_Exercise objective_. Pull every line holding the word "with" out of the data and copy it.
-------- Input data
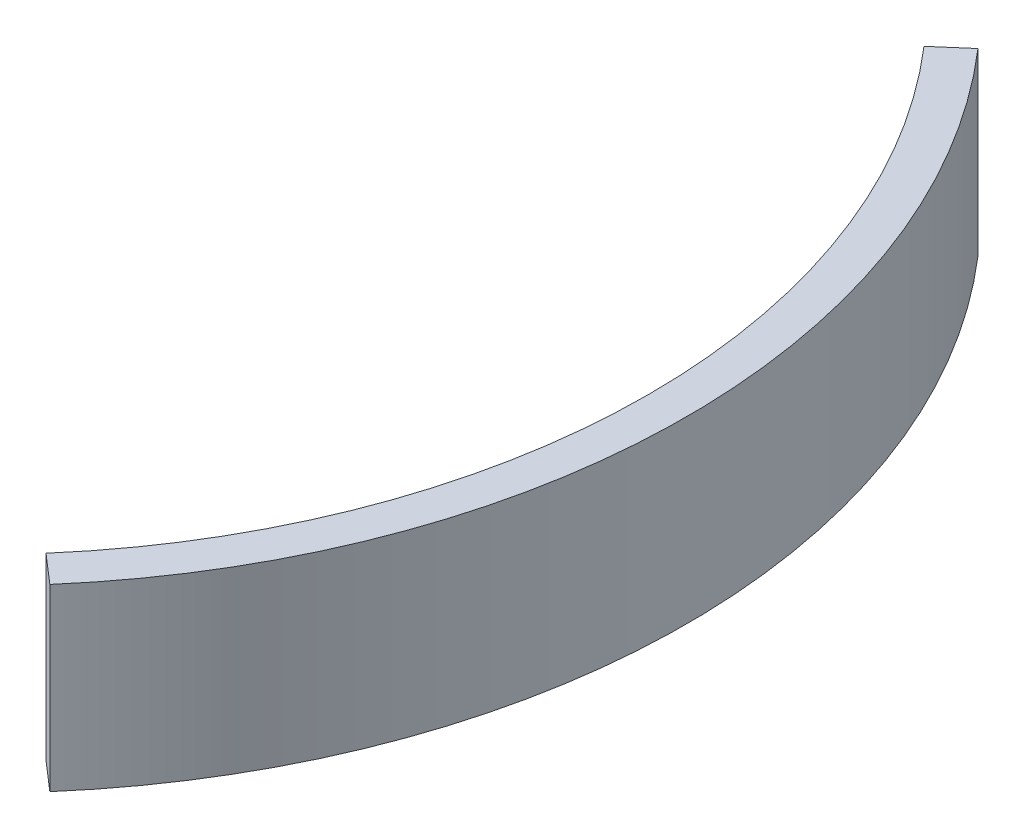
from build123d import *

# Parameters (mm, degrees)
BOSS_EXTRUDE1_DEPTH = 15


with BuildPart() as part:
    # Sketch1 → Boss-Extrude1 (new body)
    with BuildSketch(Plane(origin=(0, 0, 0), x_dir=(1, 0, 0), z_dir=(0, 1, 0))):
        with BuildLine():
            Line((42.311435415, 36.684362242), (44.729231725, 38.780611513))
            ThreePointArc((44.729231725, 38.780611513), (59.2, 0), (44.729231725, -38.780611513))
            Line((44.729231725, -38.780611513), (42.311435415, -36.684362242))
            ThreePointArc((42.311435415, -36.684362242), (56, 0), (42.311435415, 36.684362242))
        make_face()
    extrude(amount=BOSS_EXTRUDE1_DEPTH)


solid = part.part
----------------
_Reply_.
with BuildPart() as part:
    with BuildSketch(Plane(origin=(0, 0, 0), x_dir=(1, 0, 0), z_dir=(0, 1, 0))):
        with BuildLine():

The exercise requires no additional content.